Where do I start? As mentioned previously, our design process taps into every aspect of the development cycle and KeyShot has been an instrumental tool utilized throughout. When finalizing the initial creation of realistic, manufactured product concepts, we use SolidWorks (3D CAD) software to generate surface and solid modeling. At this point we bring that data into KeyShot and develop initial renderings for concept presentation and approval from LF teams. This is a time and money saver because at this point we don’t necessarily need to prototype multiple concepts. Creating renderings in KeyShot is also significant in evolving the CMF (color, material, and finishes) document. Applying the KeyShot material library, we can simulate the textures and finishes of different substrates kicking off early development of materials and processes with vendors. The ability to bring in graphics from Adobe software is another advantage for early graphic placement and application. This allows for rapid visualization and validation of piece part development and manufacturing costs.

Finally, due to deadlines for product launches and production, we can utilize KeyShot data upfront in process for marketing collateral, website development, packaging, installation guides and video applications prior to spending money with photography, models, and prototyping. The quality of final concept presentations is outstanding and helps to effectively communication the design realization.

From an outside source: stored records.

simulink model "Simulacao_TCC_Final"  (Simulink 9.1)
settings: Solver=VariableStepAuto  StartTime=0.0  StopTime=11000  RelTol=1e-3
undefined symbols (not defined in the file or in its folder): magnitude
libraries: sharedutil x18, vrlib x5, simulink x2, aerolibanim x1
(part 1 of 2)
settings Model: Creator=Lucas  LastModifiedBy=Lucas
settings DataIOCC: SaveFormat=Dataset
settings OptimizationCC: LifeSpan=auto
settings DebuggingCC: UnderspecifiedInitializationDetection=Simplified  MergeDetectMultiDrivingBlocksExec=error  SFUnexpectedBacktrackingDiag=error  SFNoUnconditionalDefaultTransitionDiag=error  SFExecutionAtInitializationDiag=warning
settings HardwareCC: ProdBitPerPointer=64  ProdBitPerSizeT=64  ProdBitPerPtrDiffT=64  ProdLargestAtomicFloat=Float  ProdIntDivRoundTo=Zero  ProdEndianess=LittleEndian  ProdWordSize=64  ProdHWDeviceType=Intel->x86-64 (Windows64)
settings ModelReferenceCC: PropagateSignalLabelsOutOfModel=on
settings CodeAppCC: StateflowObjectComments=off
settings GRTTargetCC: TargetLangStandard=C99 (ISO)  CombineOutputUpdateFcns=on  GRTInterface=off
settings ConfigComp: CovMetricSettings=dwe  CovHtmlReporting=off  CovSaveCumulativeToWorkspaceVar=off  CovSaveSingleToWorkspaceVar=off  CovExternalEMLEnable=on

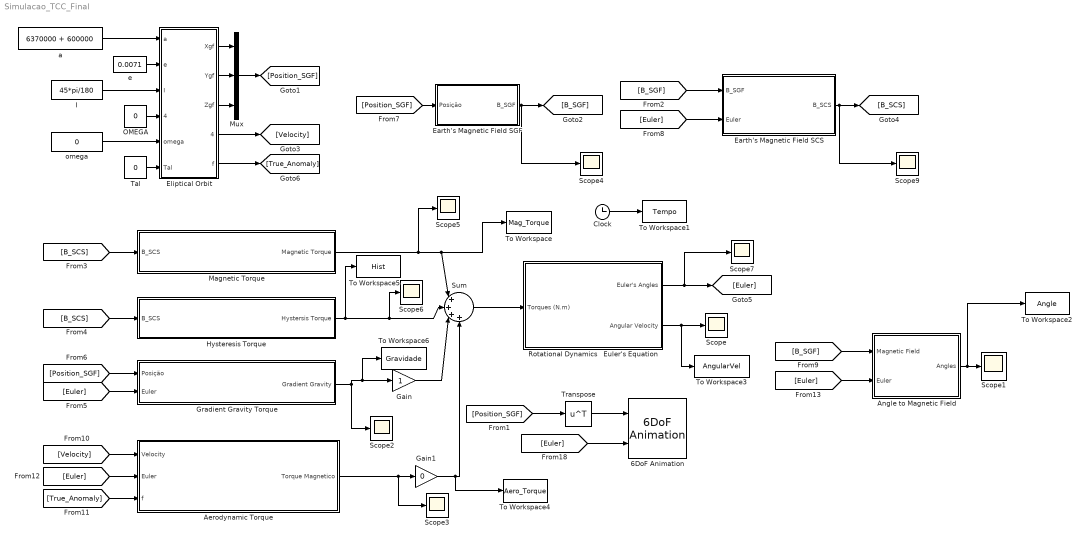
== system Simulacao_TCC_Final ==
  6DoF Animation : aerolibanim/6DoF Animation  u1=[-4000 4000 -2000 2000 -5000 -3000]  u2=10  u3=1000000*4  u4=[0 0 0]  u5=Fixed position  u6=[ 1 1 1 ] * 40000000  u7=15  u8=on
      settings: SourceProductName=Aerospace Blockset
  Aerodynamic Torque : Subsystem
  Angle to Magnetic Field : Subsystem
  Clock : Clock
  Earth's Magnetic Field SCS : Subsystem
  Earth's Magnetic Field SGF : Subsystem
  Eliptical Orbit : Subsystem
  Gain : Gain
  Gain1 : Gain  Gain=0
  Gradient Gravity Torque : Subsystem
  Hysteresis Torque : Subsystem
  I : Constant  Value=45*pi/180
  Magnetic Torque : Subsystem
  Mux : Mux  Inputs=3
  OMEGA : Constant  Value=0
  Rotational Dynamics   Euler's Equation : Subsystem
  Scope{,1..7,9} (9 alike) : Scope
  Sum : Sum  Inputs=|++++
  Tal : Constant  Value=0
  To Workspace : ToWorkspace  VariableName=Mag_Torque  SampleTime=-1
  To Workspace1 : ToWorkspace  VariableName=Tempo  SampleTime=-1
  To Workspace2 : ToWorkspace  VariableName=Angle  SampleTime=-1
  To Workspace3 : ToWorkspace  VariableName=AngularVel  SampleTime=-1
  To Workspace4 : ToWorkspace  VariableName=Aero_Torque  SampleTime=-1
  To Workspace5 : ToWorkspace  VariableName=Hist  SampleTime=-1
  To Workspace6 : ToWorkspace  VariableName=Gravidade  SampleTime=-1
  Transpose : Math  Operator=transpose  SaturateOnIntegerOverflow=on
  a : Constant  Value=6370000 + 600000
  e : Constant  Value=0.0071
  omega : Constant  Value=0
  wires:
  a/1 -> Eliptical Orbit/1(a)
  Eliptical Orbit/2(Ygf) -> Mux/2
  I/1 -> Eliptical Orbit/3(I)
  Tal/1 -> Eliptical Orbit/6(Tal)
  omega/1 -> Eliptical Orbit/5(omega)
  Eliptical Orbit/3(Zgf) -> Mux/3
  Eliptical Orbit/1(Xgf) -> Mux/1
  e/1 -> Eliptical Orbit/2(e)
  Mux/1 -> [Position_SGF]
  OMEGA/1 -> Eliptical Orbit/4(OMEGA)
  [Position_SGF] -> Earth's Magnetic Field SGF/1(Posição)
  Earth's Magnetic Field SGF/1(B_SGF) -> Scope4/1, [B_SGF]
  [B_SCS] -> Magnetic Torque/1(B_SCS)
  [B_SCS] -> Hysteresis Torque/1(B_SCS)
  [Euler] -> Gradient Gravity Torque/2(Euler)
  [Position_SGF] -> Gradient Gravity Torque/1(Posição)
  Sum/1 -> Rotational Dynamics   Euler's Equation/1(Torques (N.m))
  Magnetic Torque/1(Magnetic Torque) -> Scope5/1, To Workspace/1, Sum/1
  Hysteresis Torque/1(Hystersis Torque) -> Scope6/1, Sum/2, To Workspace5/1
  Rotational Dynamics   Euler's Equation/1(Euler's Angles) -> [Euler], Scope7/1
  [B_SGF] -> Angle to Magnetic Field/1(Magnetic Field)
  [Euler] -> Angle to Magnetic Field/2(Euler)
  Rotational Dynamics   Euler's Equation/2(Angular Velocity) -> To Workspace3/1, Scope/1
  Gradient Gravity Torque/1(Gradient Gravity) -> To Workspace6/1, Gain/1, Scope2/1
  Gain/1 -> Sum/3
  Earth's Magnetic Field SCS/1(B_SCS) -> Scope9/1, [B_SCS]
  [Euler] -> Earth's Magnetic Field SCS/2(Euler)
  [B_SGF] -> Earth's Magnetic Field SCS/1(B_SGF)
  [Euler] -> 6DoF Animation/2
  Transpose/1 -> 6DoF Animation/1
  [Position_SGF] -> Transpose/1
  Eliptical Orbit/4(Velocity) -> [Velocity]
  Eliptical Orbit/5(f) -> [True_Anomaly]
  Clock/1 -> To Workspace1/1
  Angle to Magnetic Field/1(Angles) -> To Workspace2/1, Scope1/1
  [Euler] -> Aerodynamic Torque/2(Euler)
  [True_Anomaly] -> Aerodynamic Torque/3(f)
  Aerodynamic Torque/1(Torque Magnetico) -> Scope3/1, Gain1/1
  Gain1/1 -> Sum/4, To Workspace4/1
  [Velocity] -> Aerodynamic Torque/1(Velocity)

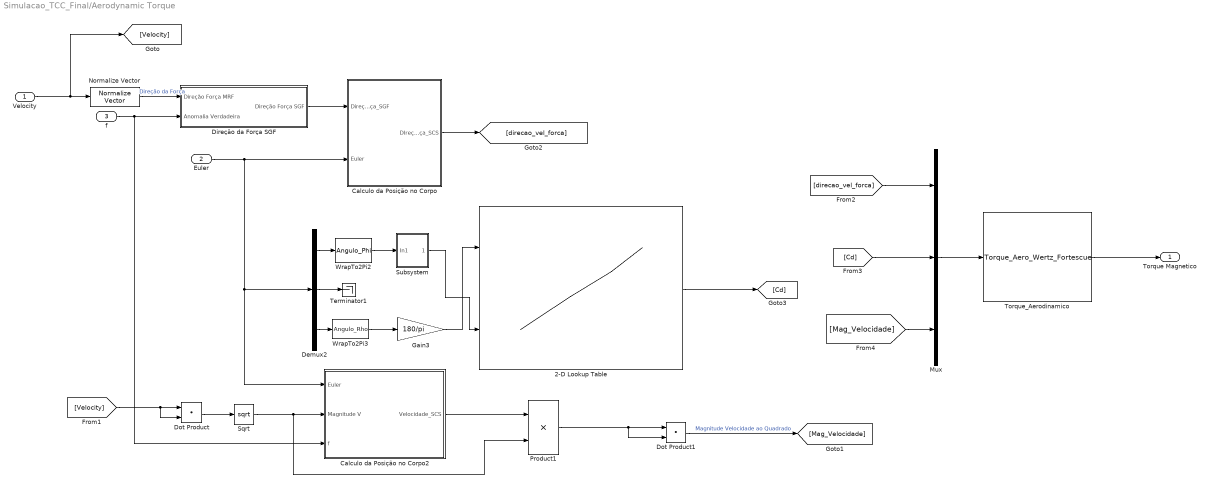
== system Simulacao_TCC_Final/Aerodynamic Torque ==
  Velocity : Inport
  Euler : Inport  Port=2
  f : Inport  Port=3
  2-D Lookup Table : Lookup_n-D  BreakpointsForDimension1=[0,45,90,135,180,225,270,315,360]  BreakpointsForDimension2=[0,10,20,30,40,50,60,70,80,90]  Table=reshape([2.7,1.93,2.7,1.93,2.7,1.93,2.7,1.93,2.47,2.7,1.9,2.47,1.9,2.7,1.9,2.47,1.9,2.45,2.7,1.85,2.25,1.85,2.7,1.85,2.25,1.85,2.43,2.7,1.83,2.07,1.83,2.7,1.83,2.07,1.83,2.41,2.7,1.8,1.95,1.8,2.7,1.8,1.95,1.8,2.39,2.7,1.8,1.95,1.8,2.7,1.8,1.95,1.8,2.39,2.7,1.83,2.07,1.83,2.7,1.83,2.07,1.83,2.41,2.7,1.85,2.25,1.85,2.7,1.85,2.25,1.85,2.43,2.7,1.9,2.47,1.9,2.7,1.9,2.47,1.9,2.47,2.7,1.93,2.7,1.93,2.7,1.93,2.7,1.93,2.47],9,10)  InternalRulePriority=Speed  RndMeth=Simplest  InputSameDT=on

What were some of the challenges KeyShot helped overcome, if any?
The challenge KeyShot helped overcome at Life Fitness was the ability to develop concepts at a fast pace and present to executives team members at levels they could comprehend prior to kicking off a development cycle. Normally we would have to wait for the development of actual prototypes after concept sketches/renderings (still important) which is costly and time consuming. KeyShot helped the engineering teams understand materials and finishes prior to the development of early prototypes which helped them plan and cost out certain applications and manufacturing processes. We also used the software to explain part break-up and assemblies using fly-through animations. Finally, use of KeyShot helped minimize delays for our creative group in the development and release of marketing materials, imagery for sales and product promotion.

What is one piece of advice would you pass along to someone interested in doing what you do?
Become a doctor. Seriously though, I would say if a student realizes he/she has a passion for design and it’s the area in which they find great satisfaction, they should seek out a good mentor and pursue design with everything they have to offer. This requires realizing their talents and harnessing them through use of all the great tools they have at their disposal (such as KeyShot). Even though we are developing product within the digital world today, they shouldn’t abandon craftsmanship and the true art of developing inspiring form, appropriate proportion, and styling. Good design starts with a complete understanding of design fundamentals and basic hands-on skills before developing 3D objects digitally.